Между тем, по-другому не только можно, но и нужно. Из десятков устойчивых демократий, которые применяют чисто пропорциональную систему, лишь в двух – Израиле и Нидерландах – существуют системы вроде российской. Это – сравнительно маленькие страны, в которых население отличается высокой степенью однородности по территориям. В подавляющем большинстве стран такие условия отсутствуют: есть территориальные сообщества граждан с общими интересами, которые должны быть отражены в парламенте. Пропорциональная система, на самом деле, этому не препятствует. Но для этого она должна применяться в округах сравнительно малой величины (т. е. с небольшим количеством избираемых депутатов), которые, как правило, создаются на основе имеющегося административного деления. Именно так пропорциональное представительство устроено даже в унитарных государствах – например, во всех странах Скандинавии. А в федерациях, от Австрии до Бразилии, иначе просто не бывает, потому что сама идея федерализма предполагает наличие важных территориальных интересов.
Когда в 1993 г. создавалось новое российское законодательство о выборах, то образцом для него послужило немецкое. Образец во многих отношениях исказили, но некоторые основные подходы остались. К их числу как раз и принадлежат выборы всех депутатов-списочников в общенациональном округе. Но почувствуйте разницу. Немецкая избирательная система – смешанная. Как и в России до 2003 г., представительство местных сообществ там обеспечивается за счет одномандатных округов. Поэтому и нет нужды в том, чтобы пропорциональных округов было много. Каждый избиратель знает, что интересы его местного сообщества представляет вполне определенный одномандатник, а списочники нужны для того, чтобы представлять идеологические предпочтения, которые не зависят от территории. Какой депутат – одномандатник или списочник – пользуется в Германии большим уважением сограждан? Тут и думать нечего. Конечно, одномандатник. Потому что сам прошел через выборы – не партия провела. Потому что местный.
В России, как мы знаем от социологов, депутатов вообще никто не уважает, кроме, разве что, коллег и родственников. И причина тому – не особая психология русского народа, а то, что мы этих людей, как правило, знать незнаем. За кого голосовал человек, который в 2007 г. поставил галочку напротив названия «Единая Россия» в избирательном бюллетене? Сам-то он, положим, думал, что за «национального лидера» и его загадочный «план». Прошли годы. «Национальный лидер» по-прежнему на месте. В Думе его нет, да он, естественно, туда и не собирался. Но думские места не пустуют. Потому что, вопреки сказкам о «национальном лидере», в действительности голос был отдан за общероссийский список «Единой России», в котором числилось, ни много ни мало, 586 молодцев, не всегда добрых, и девиц, необязательно красных. Некоторые (как правило, наиболее известные, вроде губернаторов) тоже отказались от мандатов, но другие (как правило, какие-то совершенно никому неизвестные чиновники и топ-менеджеры) нет. Кому-то из них и ушел голос. Если это не мошенничество, то что?

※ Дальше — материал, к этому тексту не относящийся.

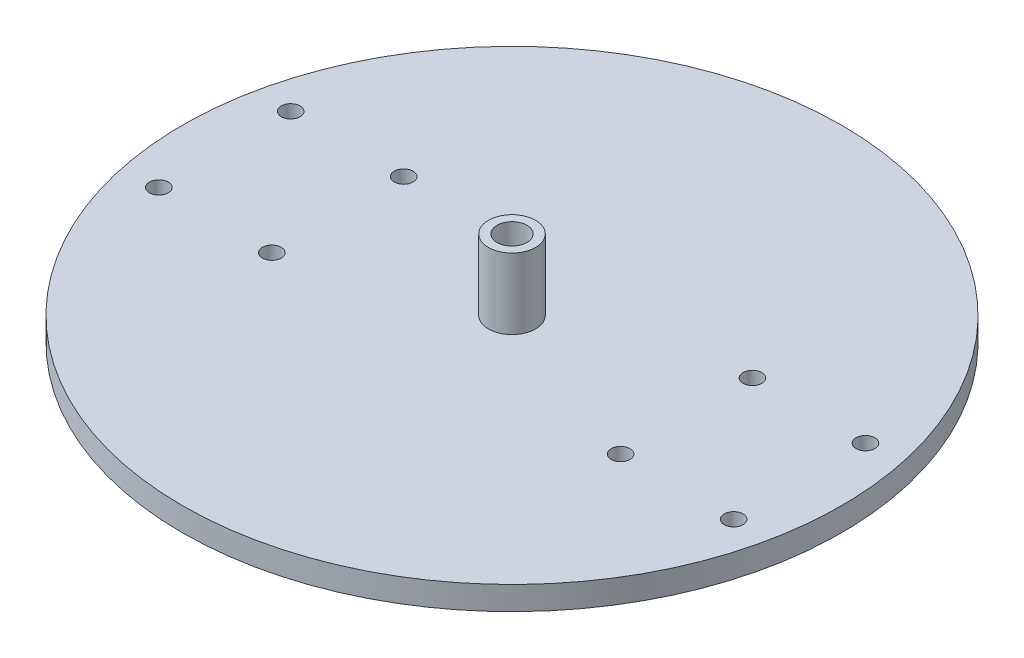
ISO-10303-21;
HEADER;
FILE_DESCRIPTION(('STEP AP214'),'2;1');
FILE_NAME('part.step','',(''),(''),'','','');
FILE_SCHEMA(('AUTOMOTIVE_DESIGN { 1 0 10303 214 1 1 1 1 }'));
ENDSEC;
DATA;
#1=APPLICATION_CONTEXT('core data for automotive mechanical design processes');
#2=APPLICATION_PROTOCOL_DEFINITION('international standard','automotive_design',2000,#1);
#3=PRODUCT_CONTEXT('',#1,'mechanical');
#4=PRODUCT('Part','Part','',(#3));
#5=PRODUCT_RELATED_PRODUCT_CATEGORY('part','',(#4));
#6=PRODUCT_DEFINITION_FORMATION('','',#4);
#7=PRODUCT_DEFINITION_CONTEXT('part definition',#1,'design');
#8=PRODUCT_DEFINITION('design','',#6,#7);
#9=PRODUCT_DEFINITION_SHAPE('','',#8);
#10=(LENGTH_UNIT() NAMED_UNIT(*) SI_UNIT(.MILLI.,.METRE.));
#11=(NAMED_UNIT(*) PLANE_ANGLE_UNIT() SI_UNIT($,.RADIAN.));
#12=(NAMED_UNIT(*) SI_UNIT($,.STERADIAN.) SOLID_ANGLE_UNIT());
#13=UNCERTAINTY_MEASURE_WITH_UNIT(LENGTH_MEASURE(1.E-05),#10,'distance_accuracy_value','');
#14=(GEOMETRIC_REPRESENTATION_CONTEXT(3) GLOBAL_UNCERTAINTY_ASSIGNED_CONTEXT((#13)) GLOBAL_UNIT_ASSIGNED_CONTEXT((#10,
#11,#12)) REPRESENTATION_CONTEXT('',''));
#15=CARTESIAN_POINT('',(0.,0.,0.));
#16=DIRECTION('',(0.,0.,1.));
#17=DIRECTION('',(1.,0.,0.));
#18=AXIS2_PLACEMENT_3D('',#15,#16,#17);
#19=CARTESIAN_POINT('',(0.,5.,0.));
#20=DIRECTION('',(0.,1.,0.));
#21=DIRECTION('',(0.,0.,1.));
#22=AXIS2_PLACEMENT_3D('',#19,#20,#21);
#23=PLANE('',#22);
#24=CARTESIAN_POINT('',(61.0417595086949,5.,13.9667813046783));
#25=DIRECTION('',(0.,1.,0.));
#26=DIRECTION('',(0.,0.,1.));
#27=AXIS2_PLACEMENT_3D('',#24,#25,#26);
#28=CIRCLE('',#27,2.);
#29=CARTESIAN_POINT('',(61.0417595086949,5.,15.9667813046783));
#30=VERTEX_POINT('',#29);
#31=EDGE_CURVE('E104',#30,#30,#28,.F.);
#32=ORIENTED_EDGE('',*,*,#31,.T.);
#33=EDGE_LOOP('',(#32));
#34=FACE_BOUND('',#33,.T.);
#35=CARTESIAN_POINT('',(61.0417595086943,5.,-14.0332186953217));
#36=DIRECTION('',(0.,1.,0.));
#37=DIRECTION('',(0.,0.,1.));
#38=AXIS2_PLACEMENT_3D('',#35,#36,#37);
#39=CIRCLE('',#38,2.);
#40=CARTESIAN_POINT('',(61.0417595086943,5.,-12.0332186953217));
#41=VERTEX_POINT('',#40);
#42=EDGE_CURVE('E99',#41,#41,#39,.F.);
#43=ORIENTED_EDGE('',*,*,#42,.T.);
#44=EDGE_LOOP('',(#43));
#45=FACE_BOUND('',#44,.T.);
#46=CARTESIAN_POINT('',(-61.0417595086943,5.,-14.0332186953217));
#47=DIRECTION('',(0.,1.,0.));
#48=DIRECTION('',(0.,0.,1.));
#49=AXIS2_PLACEMENT_3D('',#46,#47,#48);
#50=CIRCLE('',#49,2.);
#51=CARTESIAN_POINT('',(-61.0417595086943,5.,-12.0332186953217));
#52=VERTEX_POINT('',#51);
#53=EDGE_CURVE('E62',#52,#52,#50,.T.);
#54=ORIENTED_EDGE('',*,*,#53,.F.);
#55=EDGE_LOOP('',(#54));
#56=FACE_BOUND('',#55,.T.);
#57=CARTESIAN_POINT('',(0.,5.,0.));
#58=DIRECTION('',(0.,1.,0.));
#59=DIRECTION('',(0.,0.,1.));
#60=AXIS2_PLACEMENT_3D('',#57,#58,#59);
#61=CIRCLE('',#60,70.);
#62=CARTESIAN_POINT('',(0.,5.,70.));
#63=VERTEX_POINT('',#62);
#64=EDGE_CURVE('E10',#63,#63,#61,.T.);
#65=ORIENTED_EDGE('',*,*,#64,.T.);
#66=EDGE_LOOP('',(#65));
#67=FACE_BOUND('',#66,.T.);
#68=CARTESIAN_POINT('',(0.,5.,0.));
#69=DIRECTION('',(0.,1.,0.));
#70=DIRECTION('',(0.,0.,1.));
#71=AXIS2_PLACEMENT_3D('',#68,#69,#70);
#72=CIRCLE('',#71,5.);
#73=CARTESIAN_POINT('',(0.,5.,5.));
#74=VERTEX_POINT('',#73);
#75=EDGE_CURVE('E53',#74,#74,#72,.T.);
#76=ORIENTED_EDGE('',*,*,#75,.F.);
#77=EDGE_LOOP('',(#76));
#78=FACE_BOUND('',#77,.T.);
#79=CARTESIAN_POINT('',(37.0417595086949,5.,13.9667813046753));
#80=DIRECTION('',(0.,1.,0.));
#81=DIRECTION('',(0.,0.,1.));
#82=AXIS2_PLACEMENT_3D('',#79,#80,#81);
#83=CIRCLE('',#82,2.);
#84=CARTESIAN_POINT('',(37.0417595086949,5.,15.9667813046753));
#85=VERTEX_POINT('',#84);
#86=EDGE_CURVE('E92',#85,#85,#83,.F.);
#87=ORIENTED_EDGE('',*,*,#86,.T.);
#88=EDGE_LOOP('',(#87));
#89=FACE_BOUND('',#88,.T.);
#90=CARTESIAN_POINT('',(-37.0417595086943,5.,-14.0332186953212));
#91=DIRECTION('',(0.,1.,0.));
#92=DIRECTION('',(0.,0.,1.));
#93=AXIS2_PLACEMENT_3D('',#90,#91,#92);
#94=CIRCLE('',#93,2.);
#95=CARTESIAN_POINT('',(-37.0417595086943,5.,-12.0332186953212));
#96=VERTEX_POINT('',#95);
#97=EDGE_CURVE('E75',#96,#96,#94,.T.);
#98=ORIENTED_EDGE('',*,*,#97,.F.);
#99=EDGE_LOOP('',(#98));
#100=FACE_BOUND('',#99,.T.);
#101=CARTESIAN_POINT('',(-61.0417595086949,5.,13.9667813046783));
#102=DIRECTION('',(0.,1.,0.));
#103=DIRECTION('',(0.,0.,1.));
#104=AXIS2_PLACEMENT_3D('',#101,#102,#103);
#105=CIRCLE('',#104,2.);
#106=CARTESIAN_POINT('',(-61.0417595086949,5.,15.9667813046783));
#107=VERTEX_POINT('',#106);
#108=EDGE_CURVE('E68',#107,#107,#105,.T.);
#109=ORIENTED_EDGE('',*,*,#108,.F.);
#110=EDGE_LOOP('',(#109));
#111=FACE_BOUND('',#110,.T.);
#112=CARTESIAN_POINT('',(-37.0417595086949,5.,13.9667813046753));
#113=DIRECTION('',(0.,1.,0.));
#114=DIRECTION('',(0.,0.,1.));
#115=AXIS2_PLACEMENT_3D('',#112,#113,#114);
#116=CIRCLE('',#115,2.);
#117=CARTESIAN_POINT('',(-37.0417595086949,5.,15.9667813046753));
#118=VERTEX_POINT('',#117);
#119=EDGE_CURVE('E87',#118,#118,#116,.T.);
#120=ORIENTED_EDGE('',*,*,#119,.F.);
#121=EDGE_LOOP('',(#120));
#122=FACE_BOUND('',#121,.T.);
#123=CARTESIAN_POINT('',(37.0417595086943,5.,-14.0332186953212));
#124=DIRECTION('',(0.,1.,0.));
#125=DIRECTION('',(0.,0.,1.));
#126=AXIS2_PLACEMENT_3D('',#123,#124,#125);
#127=CIRCLE('',#126,2.);
#128=CARTESIAN_POINT('',(37.0417595086943,5.,-12.0332186953212));
#129=VERTEX_POINT('',#128);
#130=EDGE_CURVE('E80',#129,#129,#127,.F.);
#131=ORIENTED_EDGE('',*,*,#130,.T.);
#132=EDGE_LOOP('',(#131));
#133=FACE_BOUND('',#132,.T.);
#134=ADVANCED_FACE('F37',(#34,#45,#56,#67,#78,#89,#100,#111,#122,#133),#23,.T.);
#135=CARTESIAN_POINT('',(0.,0.,0.));
#136=DIRECTION('',(0.,1.,0.));
#137=DIRECTION('',(0.,0.,1.));
#138=AXIS2_PLACEMENT_3D('',#135,#136,#137);
#139=PLANE('',#138);
#140=CARTESIAN_POINT('',(-37.0417595086949,0.,13.9667813046753));
#141=DIRECTION('',(0.,1.,0.));
#142=DIRECTION('',(0.,0.,1.));
#143=AXIS2_PLACEMENT_3D('',#140,#141,#142);
#144=CIRCLE('',#143,2.);
#145=CARTESIAN_POINT('',(-37.0417595086949,0.,15.9667813046753));
#146=VERTEX_POINT('',#145);
#147=EDGE_CURVE('E72',#146,#146,#144,.T.);
#148=ORIENTED_EDGE('',*,*,#147,.T.);
#149=EDGE_LOOP('',(#148));
#150=FACE_BOUND('',#149,.T.);
#151=CARTESIAN_POINT('',(-61.0417595086949,0.,13.9667813046783));
#152=DIRECTION('',(0.,1.,0.));
#153=DIRECTION('',(0.,0.,1.));
#154=AXIS2_PLACEMENT_3D('',#151,#152,#153);
#155=CIRCLE('',#154,2.);
#156=CARTESIAN_POINT('',(-61.0417595086949,0.,15.9667813046783));
#157=VERTEX_POINT('',#156);
#158=EDGE_CURVE('E71',#157,#157,#155,.T.);
#159=ORIENTED_EDGE('',*,*,#158,.T.);
#160=EDGE_LOOP('',(#159));
#161=FACE_BOUND('',#160,.T.);
#162=CARTESIAN_POINT('',(-37.0417595086943,0.,-14.0332186953212));
#163=DIRECTION('',(0.,1.,0.));
#164=DIRECTION('',(0.,0.,1.));
#165=AXIS2_PLACEMENT_3D('',#162,#163,#164);
#166=CIRCLE('',#165,2.);
#167=CARTESIAN_POINT('',(-37.0417595086943,0.,-12.0332186953212));
#168=VERTEX_POINT('',#167);
#169=EDGE_CURVE('E65',#168,#168,#166,.T.);
#170=ORIENTED_EDGE('',*,*,#169,.T.);
#171=EDGE_LOOP('',(#170));
#172=FACE_BOUND('',#171,.T.);
#173=CARTESIAN_POINT('',(-61.0417595086943,0.,-14.0332186953217));
#174=DIRECTION('',(0.,1.,0.));
#175=DIRECTION('',(0.,0.,1.));
#176=AXIS2_PLACEMENT_3D('',#173,#174,#175);
#177=CIRCLE('',#176,2.);
#178=CARTESIAN_POINT('',(-61.0417595086943,0.,-12.0332186953217));
#179=VERTEX_POINT('',#178);
#180=EDGE_CURVE('E61',#179,#179,#177,.T.);
#181=ORIENTED_EDGE('',*,*,#180,.T.);
#182=EDGE_LOOP('',(#181));
#183=FACE_BOUND('',#182,.T.);
#184=CARTESIAN_POINT('',(0.,0.,0.));
#185=DIRECTION('',(0.,1.,0.));
#186=DIRECTION('',(0.,0.,1.));
#187=AXIS2_PLACEMENT_3D('',#184,#185,#186);
#188=CIRCLE('',#187,70.);
#189=CARTESIAN_POINT('',(0.,0.,70.));
#190=VERTEX_POINT('',#189);
#191=EDGE_CURVE('E41',#190,#190,#188,.T.);
#192=ORIENTED_EDGE('',*,*,#191,.F.);
#193=EDGE_LOOP('',(#192));
#194=FACE_BOUND('',#193,.T.);
#195=CARTESIAN_POINT('',(0.,0.,0.));
#196=DIRECTION('',(0.,1.,0.));
#197=DIRECTION('',(0.,0.,1.));
#198=AXIS2_PLACEMENT_3D('',#195,#196,#197);
#199=CIRCLE('',#198,3.175);
#200=CARTESIAN_POINT('',(0.,0.,3.175));
#201=VERTEX_POINT('',#200);
#202=EDGE_CURVE('E48',#201,#201,#199,.T.);
#203=ORIENTED_EDGE('',*,*,#202,.T.);
#204=EDGE_LOOP('',(#203));
#205=FACE_BOUND('',#204,.T.);
#206=CARTESIAN_POINT('',(61.0417595086943,0.,-14.0332186953217));
#207=DIRECTION('',(0.,1.,0.));
#208=DIRECTION('',(0.,0.,1.));
#209=AXIS2_PLACEMENT_3D('',#206,#207,#208);
#210=CIRCLE('',#209,2.);
#211=CARTESIAN_POINT('',(61.0417595086943,0.,-12.0332186953217));
#212=VERTEX_POINT('',#211);
#213=EDGE_CURVE('E84',#212,#212,#210,.F.);
#214=ORIENTED_EDGE('',*,*,#213,.F.);
#215=EDGE_LOOP('',(#214));
#216=FACE_BOUND('',#215,.T.);
#217=CARTESIAN_POINT('',(37.0417595086949,0.,13.9667813046753));
#218=DIRECTION('',(0.,1.,0.));
#219=DIRECTION('',(0.,0.,1.));
#220=AXIS2_PLACEMENT_3D('',#217,#218,#219);
#221=CIRCLE('',#220,2.);
#222=CARTESIAN_POINT('',(37.0417595086949,0.,15.9667813046753));
#223=VERTEX_POINT('',#222);
#224=EDGE_CURVE('E95',#223,#223,#221,.F.);
#225=ORIENTED_EDGE('',*,*,#224,.F.);
#226=EDGE_LOOP('',(#225));
#227=FACE_BOUND('',#226,.T.);
#228=CARTESIAN_POINT('',(61.0417595086949,0.,13.9667813046783));
#229=DIRECTION('',(0.,1.,0.));
#230=DIRECTION('',(0.,0.,1.));
#231=AXIS2_PLACEMENT_3D('',#228,#229,#230);
#232=CIRCLE('',#231,2.);
#233=CARTESIAN_POINT('',(61.0417595086949,0.,15.9667813046783));
#234=VERTEX_POINT('',#233);
#235=EDGE_CURVE('E96',#234,#234,#232,.F.);
#236=ORIENTED_EDGE('',*,*,#235,.F.);
#237=EDGE_LOOP('',(#236));
#238=FACE_BOUND('',#237,.T.);
#239=CARTESIAN_POINT('',(37.0417595086943,0.,-14.0332186953212));
#240=DIRECTION('',(0.,1.,0.));
#241=DIRECTION('',(0.,0.,1.));
#242=AXIS2_PLACEMENT_3D('',#239,#240,#241);
#243=CIRCLE('',#242,2.);
#244=CARTESIAN_POINT('',(37.0417595086943,0.,-12.0332186953212));
#245=VERTEX_POINT('',#244);
#246=EDGE_CURVE('E83',#245,#245,#243,.F.);
#247=ORIENTED_EDGE('',*,*,#246,.F.);
#248=EDGE_LOOP('',(#247));
#249=FACE_BOUND('',#248,.T.);
#250=ADVANCED_FACE('F113',(#150,#161,#172,#183,#194,#205,#216,#227,#238,#249),#139,.F.);
#251=CARTESIAN_POINT('',(0.,5.,0.));
#252=DIRECTION('',(0.,-1.,0.));
#253=DIRECTION('',(0.,0.,-1.));
#254=AXIS2_PLACEMENT_3D('',#251,#252,#253);
#255=CYLINDRICAL_SURFACE('',#254,70.);
#256=ORIENTED_EDGE('',*,*,#64,.F.);
#257=EDGE_LOOP('',(#256));
#258=FACE_BOUND('',#257,.T.);
#259=ORIENTED_EDGE('',*,*,#191,.T.);
#260=EDGE_LOOP('',(#259));
#261=FACE_BOUND('',#260,.T.);
#262=ADVANCED_FACE('F39',(#258,#261),#255,.T.);
#263=CARTESIAN_POINT('',(0.,5.,0.));
#264=DIRECTION('',(0.,-1.,0.));
#265=DIRECTION('',(0.,0.,-1.));
#266=AXIS2_PLACEMENT_3D('',#263,#264,#265);
#267=CYLINDRICAL_SURFACE('',#266,3.175);
#268=ORIENTED_EDGE('',*,*,#202,.F.);
#269=EDGE_LOOP('',(#268));
#270=FACE_BOUND('',#269,.T.);
#271=CARTESIAN_POINT('',(0.,20.,0.));
#272=DIRECTION('',(0.,1.,0.));
#273=DIRECTION('',(0.,0.,1.));
#274=AXIS2_PLACEMENT_3D('',#271,#272,#273);
#275=CIRCLE('',#274,3.175);
#276=CARTESIAN_POINT('',(0.,20.,3.175));
#277=VERTEX_POINT('',#276);
#278=EDGE_CURVE('E56',#277,#277,#275,.T.);
#279=ORIENTED_EDGE('',*,*,#278,.T.);
#280=EDGE_LOOP('',(#279));
#281=FACE_BOUND('',#280,.T.);
#282=ADVANCED_FACE('F134',(#270,#281),#267,.F.);
#283=CARTESIAN_POINT('',(0.,20.,0.));
#284=DIRECTION('',(0.,1.,0.));
#285=DIRECTION('',(0.,0.,1.));
#286=AXIS2_PLACEMENT_3D('',#283,#284,#285);
#287=PLANE('',#286);
#288=CARTESIAN_POINT('',(0.,20.,0.));
#289=DIRECTION('',(0.,1.,0.));
#290=DIRECTION('',(0.,0.,1.));
#291=AXIS2_PLACEMENT_3D('',#288,#289,#290);
#292=CIRCLE('',#291,5.);
#293=CARTESIAN_POINT('',(0.,20.,5.));
#294=VERTEX_POINT('',#293);
#295=EDGE_CURVE('E52',#294,#294,#292,.T.);
#296=ORIENTED_EDGE('',*,*,#295,.T.);
#297=EDGE_LOOP('',(#296));
#298=FACE_BOUND('',#297,.T.);
#299=ORIENTED_EDGE('',*,*,#278,.F.);
#300=EDGE_LOOP('',(#299));
#301=FACE_BOUND('',#300,.T.);
#302=ADVANCED_FACE('F137',(#298,#301),#287,.T.);
#303=CARTESIAN_POINT('',(0.,20.,0.));
#304=DIRECTION('',(0.,-1.,0.));
#305=DIRECTION('',(0.,0.,-1.));
#306=AXIS2_PLACEMENT_3D('',#303,#304,#305);
#307=CYLINDRICAL_SURFACE('',#306,5.);
#308=ORIENTED_EDGE('',*,*,#295,.F.);
#309=EDGE_LOOP('',(#308));
#310=FACE_BOUND('',#309,.T.);
#311=ORIENTED_EDGE('',*,*,#75,.T.);
#312=EDGE_LOOP('',(#311));
#313=FACE_BOUND('',#312,.T.);
#314=ADVANCED_FACE('F139',(#310,#313),#307,.T.);
#315=CARTESIAN_POINT('',(-61.0417595086943,0.,-14.0332186953217));
#316=DIRECTION('',(0.,1.,0.));
#317=DIRECTION('',(0.,0.,1.));
#318=AXIS2_PLACEMENT_3D('',#315,#316,#317);
#319=CYLINDRICAL_SURFACE('',#318,2.);
#320=ORIENTED_EDGE('',*,*,#180,.F.);
#321=EDGE_LOOP('',(#320));
#322=FACE_BOUND('',#321,.T.);
#323=ORIENTED_EDGE('',*,*,#53,.T.);
#324=EDGE_LOOP('',(#323));
#325=FACE_BOUND('',#324,.T.);
#326=ADVANCED_FACE('F141',(#322,#325),#319,.F.);
#327=CARTESIAN_POINT('',(61.0417595086943,0.,-14.0332186953217));
#328=DIRECTION('',(0.,1.,0.));
#329=DIRECTION('',(0.,0.,1.));
#330=AXIS2_PLACEMENT_3D('',#327,#328,#329);
#331=CYLINDRICAL_SURFACE('',#330,2.);
#332=ORIENTED_EDGE('',*,*,#213,.T.);
#333=EDGE_LOOP('',(#332));
#334=FACE_BOUND('',#333,.T.);
#335=ORIENTED_EDGE('',*,*,#42,.F.);
#336=EDGE_LOOP('',(#335));
#337=FACE_BOUND('',#336,.T.);
#338=ADVANCED_FACE('F148',(#334,#337),#331,.F.);
#339=CARTESIAN_POINT('',(37.0417595086949,0.,13.9667813046753));
#340=DIRECTION('',(0.,1.,0.));
#341=DIRECTION('',(0.,0.,1.));
#342=AXIS2_PLACEMENT_3D('',#339,#340,#341);
#343=CYLINDRICAL_SURFACE('',#342,2.);
#344=ORIENTED_EDGE('',*,*,#224,.T.);
#345=EDGE_LOOP('',(#344));
#346=FACE_BOUND('',#345,.T.);
#347=ORIENTED_EDGE('',*,*,#86,.F.);
#348=EDGE_LOOP('',(#347));
#349=FACE_BOUND('',#348,.T.);
#350=ADVANCED_FACE('F161',(#346,#349),#343,.F.);
#351=CARTESIAN_POINT('',(61.0417595086949,0.,13.9667813046783));
#352=DIRECTION('',(0.,1.,0.));
#353=DIRECTION('',(0.,0.,1.));
#354=AXIS2_PLACEMENT_3D('',#351,#352,#353);
#355=CYLINDRICAL_SURFACE('',#354,2.);
#356=ORIENTED_EDGE('',*,*,#235,.T.);
#357=EDGE_LOOP('',(#356));
#358=FACE_BOUND('',#357,.T.);
#359=ORIENTED_EDGE('',*,*,#31,.F.);
#360=EDGE_LOOP('',(#359));
#361=FACE_BOUND('',#360,.T.);
#362=ADVANCED_FACE('F110',(#358,#361),#355,.F.);
#363=CARTESIAN_POINT('',(-37.0417595086943,0.,-14.0332186953212));
#364=DIRECTION('',(0.,1.,0.));
#365=DIRECTION('',(0.,0.,1.));
#366=AXIS2_PLACEMENT_3D('',#363,#364,#365);
#367=CYLINDRICAL_SURFACE('',#366,2.);
#368=ORIENTED_EDGE('',*,*,#169,.F.);
#369=EDGE_LOOP('',(#368));
#370=FACE_BOUND('',#369,.T.);
#371=ORIENTED_EDGE('',*,*,#97,.T.);
#372=EDGE_LOOP('',(#371));
#373=FACE_BOUND('',#372,.T.);
#374=ADVANCED_FACE('F153',(#370,#373),#367,.F.);
#375=CARTESIAN_POINT('',(-61.0417595086949,0.,13.9667813046783));
#376=DIRECTION('',(0.,1.,0.));
#377=DIRECTION('',(0.,0.,1.));
#378=AXIS2_PLACEMENT_3D('',#375,#376,#377);
#379=CYLINDRICAL_SURFACE('',#378,2.);
#380=ORIENTED_EDGE('',*,*,#158,.F.);
#381=EDGE_LOOP('',(#380));
#382=FACE_BOUND('',#381,.T.);
#383=ORIENTED_EDGE('',*,*,#108,.T.);
#384=EDGE_LOOP('',(#383));
#385=FACE_BOUND('',#384,.T.);
#386=ADVANCED_FACE('F150',(#382,#385),#379,.F.);
#387=CARTESIAN_POINT('',(-37.0417595086949,0.,13.9667813046753));
#388=DIRECTION('',(0.,1.,0.));
#389=DIRECTION('',(0.,0.,1.));
#390=AXIS2_PLACEMENT_3D('',#387,#388,#389);
#391=CYLINDRICAL_SURFACE('',#390,2.);
#392=ORIENTED_EDGE('',*,*,#147,.F.);
#393=EDGE_LOOP('',(#392));
#394=FACE_BOUND('',#393,.T.);
#395=ORIENTED_EDGE('',*,*,#119,.T.);
#396=EDGE_LOOP('',(#395));
#397=FACE_BOUND('',#396,.T.);
#398=ADVANCED_FACE('F122',(#394,#397),#391,.F.);
#399=CARTESIAN_POINT('',(37.0417595086943,0.,-14.0332186953212));
#400=DIRECTION('',(0.,1.,0.));
#401=DIRECTION('',(0.,0.,1.));
#402=AXIS2_PLACEMENT_3D('',#399,#400,#401);
#403=CYLINDRICAL_SURFACE('',#402,2.);
#404=ORIENTED_EDGE('',*,*,#246,.T.);
#405=EDGE_LOOP('',(#404));
#406=FACE_BOUND('',#405,.T.);
#407=ORIENTED_EDGE('',*,*,#130,.F.);
#408=EDGE_LOOP('',(#407));
#409=FACE_BOUND('',#408,.T.);
#410=ADVANCED_FACE('F119',(#406,#409),#403,.F.);
#411=CLOSED_SHELL('',(#134,#250,#262,#282,#302,#314,#326,#338,#350,#362,#374,#386,#398,#410));
#412=MANIFOLD_SOLID_BREP('B2',#411);
#413=ADVANCED_BREP_SHAPE_REPRESENTATION('',(#18,#412),#14);
#414=SHAPE_DEFINITION_REPRESENTATION(#9,#413);
ENDSEC;
END-ISO-10303-21;

Но эта нелепая ситуация вовсе не является следствием пропорциональной системы как таковой. Это – тараканы. Правильная пропорциональная система вывела бы их без особых проблем.
21. Заградительный барьер
С точки зрения Владимира Чурова и других профессиональных пропагандистов, российская избирательная система – белоснежно белая и чистая, и если она чем-то отличается от других, то только в лучшую сторону. Я уже написал о том, что сама идея избирать 450 человек в едином округе – это откровенное издевательство над здравым смыслом, пропорциональная система с тараканами. Но настоящий тараканище – это семипроцентный барьер, который нужно преодолеть, чтобы получить право доступа к распределению мандатов. Если партия, которая набрала порядка семи миллионов голосов, может остаться без единого мандата, то зачем вообще нужна пропорциональная система, задача которой состоит именно в адекватном отражении общественных настроений? Мы уже знаем, зачем. А сегодня разберемся и с реальным значением барьера. Но для начала – любимый аргумент пропагандистов: во всем мире есть барьеры, и ничего.